Under New York law, which both plaintiff and defendants assert governs the plan at issue,
Defendants' argument that the assignment "[a]t a maximum, ... provides an authorization only to represent an individual patient in an individual action against the EMHP for a claim or claims having been denied in whole or in part ... for the limited purpose of exhausting the patients'/members'/appellants' administrative remedies" is also unavailing. (Defs.' Mem. in Supp. at 8-9.) The plain language of an assignment determines its breadth and scope, see Najjar Group, LLC v. West 56th Hotel LLC, 106 A.D.3d 640, 641, 965 N.Y.S.2d 720 (1st Dep't 2013), and here, the plain language of the assignment demonstrates that plaintiff has been assigned the right to bring this suit. As plaintiff points out, "[t]o the extent that Suffolk's reference to `individual patient' means a specific patient or his dependents, Plaintiff agrees, which is why Plaintiff requires all patients to sign such forms, and has alleged in the Complaint that it has valid assignments from all patients." (Pl.'s Mem. in Opp'n at 18.) Moreover, plaintiff points out that the assignments do not mention anything about an "individual action" and defendants have not explained why the assignment precludes all individuals from being represented here. Furthermore, the language of the assignments clearly indicates the assignment of "any and all legal causes of action and the right to commence and pursue a lawsuit" and is not limited to solely administrative claims. As a result, defendants' argument does not result in dismissal.

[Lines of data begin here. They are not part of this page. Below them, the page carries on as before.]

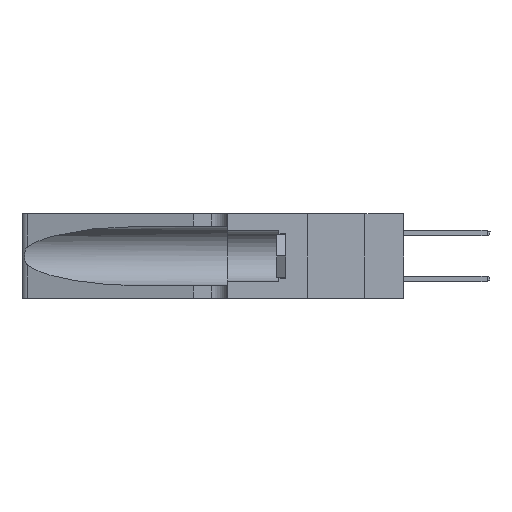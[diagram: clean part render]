
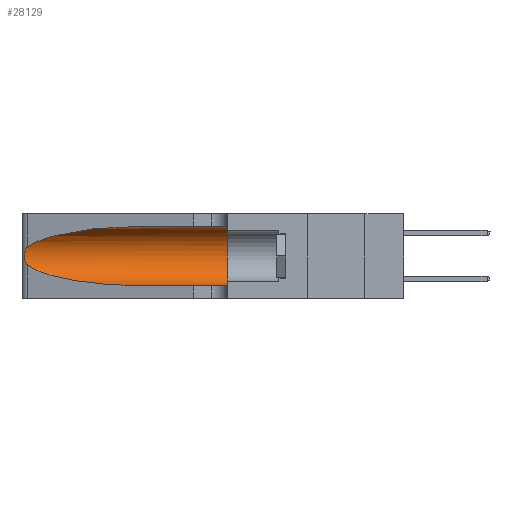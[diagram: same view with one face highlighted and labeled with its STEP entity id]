
A CAD part, left-side view. The second image highlights one B-rep face of the part: STEP entity #28129.
In plain terms, the highlighted cylindrical face has radius 3.308 mm (diameter 6.617 mm), a partial arc.
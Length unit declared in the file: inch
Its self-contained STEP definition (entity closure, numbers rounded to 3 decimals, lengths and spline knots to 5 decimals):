
#213 = CARTESIAN_POINT ( 'NONE',  ( 0.18966, 0.96281, 0.31525 ) ) ;
#483 = EDGE_CURVE ( 'NONE', #27925, #5111, #25050, .T. ) ;
#714 = DIRECTION ( 'NONE',  ( 0., -1., 0. ) ) ;
#1506 = DIRECTION ( 'NONE',  ( 0., 0., 1. ) ) ;
#2387 = CARTESIAN_POINT ( 'NONE',  ( 0.25639, 1.23184, 0.21858 ) ) ;
#2561 = CARTESIAN_POINT ( 'NONE',  ( 0.1305, 0.35, 0.05475 ) ) ;
#2926 = CARTESIAN_POINT ( 'NONE',  ( 0.26075, 1.23896, 0.178 ) ) ;
#3055 = CARTESIAN_POINT ( 'NONE',  ( 0.25555, 1.22993, 0.14849 ) ) ;
#3113 = VECTOR ( 'NONE', #39090, 39.37008 ) ;
#3327 = EDGE_CURVE ( 'NONE', #18771, #39798, #24014, .T. ) ;
#4108 = CARTESIAN_POINT ( 'NONE',  ( 0.1305, 0.35, 0.31525 ) ) ;
#4481 = CARTESIAN_POINT ( 'NONE',  ( 0.1305, 1.61858, 0.31525 ) ) ;
#5111 = VERTEX_POINT ( 'NONE', #13123 ) ;
#5316 = ORIENTED_EDGE ( 'NONE', *, *, #483, .T. ) ;
#6077 = CARTESIAN_POINT ( 'NONE',  ( 0.26017, 1.23833, 0.17102 ) ) ;
#6581 = ORIENTED_EDGE ( 'NONE', *, *, #3327, .F. ) ;
#7209 = DIRECTION ( 'NONE',  ( 0., 0., -1. ) ) ;
#8218 = VERTEX_POINT ( 'NONE', #33448 ) ;
#8288 = VERTEX_POINT ( 'NONE', #2561 ) ;
#8842 = CARTESIAN_POINT ( 'NONE',  ( 0.1305, 0.72297, 0.05475 ) ) ;
#9302 = CARTESIAN_POINT ( 'NONE',  ( 0.25856, 1.23593, 0.16098 ) ) ;
#11506 = ORIENTED_EDGE ( 'NONE', *, *, #20160, .T. ) ;
#11718 = EDGE_LOOP ( 'NONE', ( #29877, #25901, #5316, #11506, #31620, #6581 ) ) ;
#12177 = CARTESIAN_POINT ( 'NONE',  ( 0.18966, 0.96281, 0.05475 ) ) ;
#13123 = CARTESIAN_POINT ( 'NONE',  ( 0.1305, 0.72297, 0.05475 ) ) ;
#13254 = CARTESIAN_POINT ( 'NONE',  ( 0.25487, 1.22718, 0.22369 ) ) ;
#15258 = AXIS2_PLACEMENT_3D ( 'NONE', #29341, #714, #7209 ) ;
#15364 = VECTOR ( 'NONE', #35007, 39.37008 ) ;
#16063 = B_SPLINE_CURVE_WITH_KNOTS ( 'NONE', 3,
 ( #27804, #34494, #2387, #37690, #25005, #41000, #21953, #2926, #6077, #9302, #31552, #22228, #3055, #38342 ),
 .UNSPECIFIED., .F., .F.,
 ( 4, 2, 2, 2, 2, 2, 4 ),
 ( 0., 0.00027, 0.00053, 0.00107, 0.0016, 0.00187, 0.00214 ),
 .UNSPECIFIED. ) ;
#17285 = DIRECTION ( 'NONE',  ( 0., 1., 0. ) ) ;
#18771 = VERTEX_POINT ( 'NONE', #30258 ) ;
#19813 = FACE_OUTER_BOUND ( 'NONE', #11718, .T. ) ;
#20160 = EDGE_CURVE ( 'NONE', #5111, #8288, #32279, .T. ) ;
#21953 = CARTESIAN_POINT ( 'NONE',  ( 0.26075, 1.23896, 0.19203 ) ) ;
#22021 = CARTESIAN_POINT ( 'NONE',  ( 0.2373, 1.15595, 0.08982 ) ) ;
#22228 = CARTESIAN_POINT ( 'NONE',  ( 0.25639, 1.23186, 0.15144 ) ) ;
#22737 = EDGE_CURVE ( 'NONE', #39798, #8288, #30919, .T. ) ;
#23114 = AXIS2_PLACEMENT_3D ( 'NONE', #36401, #17285, #1506 ) ;
#24014 = LINE ( 'NONE', #4481, #3113 ) ;
#24211 = EDGE_CURVE ( 'NONE', #18771, #8218, #25285, .T. ) ;
#25005 = CARTESIAN_POINT ( 'NONE',  ( 0.25854, 1.2359, 0.20912 ) ) ;
#25050 =( BOUNDED_CURVE ( )  B_SPLINE_CURVE ( 3, ( #37621, #22021, #12177, #8842 ),
 .UNSPECIFIED., .F., .T. ) 
 B_SPLINE_CURVE_WITH_KNOTS ( ( 4, 4 ),
 ( 3.44316, 4.71239 ),
 .UNSPECIFIED. ) 
 CURVE ( )  GEOMETRIC_REPRESENTATION_ITEM ( )  RATIONAL_B_SPLINE_CURVE ( ( 1., 0.87, 0.87, 1. ) ) 
 REPRESENTATION_ITEM ( '' )  );
#25285 =( BOUNDED_CURVE ( )  B_SPLINE_CURVE ( 3, ( #35103, #213, #25881, #13254 ),
 .UNSPECIFIED., .F., .F. ) 
 B_SPLINE_CURVE_WITH_KNOTS ( ( 4, 4 ),
 ( 1.5708, 2.84003 ),
 .UNSPECIFIED. ) 
 CURVE ( )  GEOMETRIC_REPRESENTATION_ITEM ( )  RATIONAL_B_SPLINE_CURVE ( ( 1., 0.87, 0.87, 1. ) ) 
 REPRESENTATION_ITEM ( '' )  );
#25881 = CARTESIAN_POINT ( 'NONE',  ( 0.2373, 1.15595, 0.28018 ) ) ;
#25901 = ORIENTED_EDGE ( 'NONE', *, *, #33741, .T. ) ;
#27804 = CARTESIAN_POINT ( 'NONE',  ( 0.25487, 1.22718, 0.22369 ) ) ;
#27925 = VERTEX_POINT ( 'NONE', #40190 ) ;
#28129 = ADVANCED_FACE ( 'NONE', ( #19813 ), #32296, .F. ) ;
#29341 = CARTESIAN_POINT ( 'NONE',  ( 0.1305, 1.61858, 0.185 ) ) ;
#29877 = ORIENTED_EDGE ( 'NONE', *, *, #24211, .T. ) ;
#30258 = CARTESIAN_POINT ( 'NONE',  ( 0.1305, 0.72297, 0.31525 ) ) ;
#30919 = CIRCLE ( 'NONE', #23114, 0.13025 ) ;
#31552 = CARTESIAN_POINT ( 'NONE',  ( 0.25789, 1.23486, 0.15765 ) ) ;
#31620 = ORIENTED_EDGE ( 'NONE', *, *, #22737, .F. ) ;
#32279 = LINE ( 'NONE', #39296, #15364 ) ;
#32296 = CYLINDRICAL_SURFACE ( 'NONE', #15258, 0.13025 ) ;
#33448 = CARTESIAN_POINT ( 'NONE',  ( 0.25487, 1.22718, 0.22369 ) ) ;
#33741 = EDGE_CURVE ( 'NONE', #8218, #27925, #16063, .T. ) ;
#34494 = CARTESIAN_POINT ( 'NONE',  ( 0.25555, 1.22994, 0.2215 ) ) ;
#35007 = DIRECTION ( 'NONE',  ( 0., -1., 0. ) ) ;
#35103 = CARTESIAN_POINT ( 'NONE',  ( 0.1305, 0.72297, 0.31525 ) ) ;
#36401 = CARTESIAN_POINT ( 'NONE',  ( 0.1305, 0.35, 0.185 ) ) ;
#37621 = CARTESIAN_POINT ( 'NONE',  ( 0.25487, 1.22718, 0.14631 ) ) ;
#37690 = CARTESIAN_POINT ( 'NONE',  ( 0.25787, 1.23484, 0.2124 ) ) ;
#38342 = CARTESIAN_POINT ( 'NONE',  ( 0.25487, 1.22718, 0.14631 ) ) ;
#39090 = DIRECTION ( 'NONE',  ( 0., -1., 0. ) ) ;
#39296 = CARTESIAN_POINT ( 'NONE',  ( 0.1305, 1.61858, 0.05475 ) ) ;
#39798 = VERTEX_POINT ( 'NONE', #4108 ) ;
#40190 = CARTESIAN_POINT ( 'NONE',  ( 0.25487, 1.22718, 0.14631 ) ) ;
#41000 = CARTESIAN_POINT ( 'NONE',  ( 0.26018, 1.23835, 0.19895 ) ) ;

There is a question, however, not addressed by either party, as to whether having dismissed the federal claims against Suffolk, the Court should retain the state law claims against it pursuant to 28 U.S.C. § 1367. Although plaintiff still has federal claims against Empire and the Verizon defendants based on a separate ERISA-governed plan, neither party has addressed whether the state law claims regarding the EMH Plan "form part of the same case or controversy" such that the Court has supplemental jurisdiction over them. Plaintiff is directed to file a brief on that point within fourteen days of this Order. Suffolk shall file a response within 28 days of this Order. Any reply from plaintiff shall be due within 35 days of this Order.
Plaintiff has agreed to the dismissal of Count III of the Complaint, alleging a violation of New York Insurance Law
For the foregoing reasons, it is hereby ordered that defendants' motion to dismiss is granted in part and denied in part. The parties are to submit briefing on the issue of supplemental jurisdiction in accordance with the schedule set forth above.
In a letter dated June 26, 2015 (Docket Entry 44), plaintiff moved to strike defendants' Reply brief because in making its argument that the EMH Plan is grandfathered, defendants cited to documents outside of the Complaint. The Court declines to strike the Reply, but notes that since it did not address this argument, it did not consider such documents.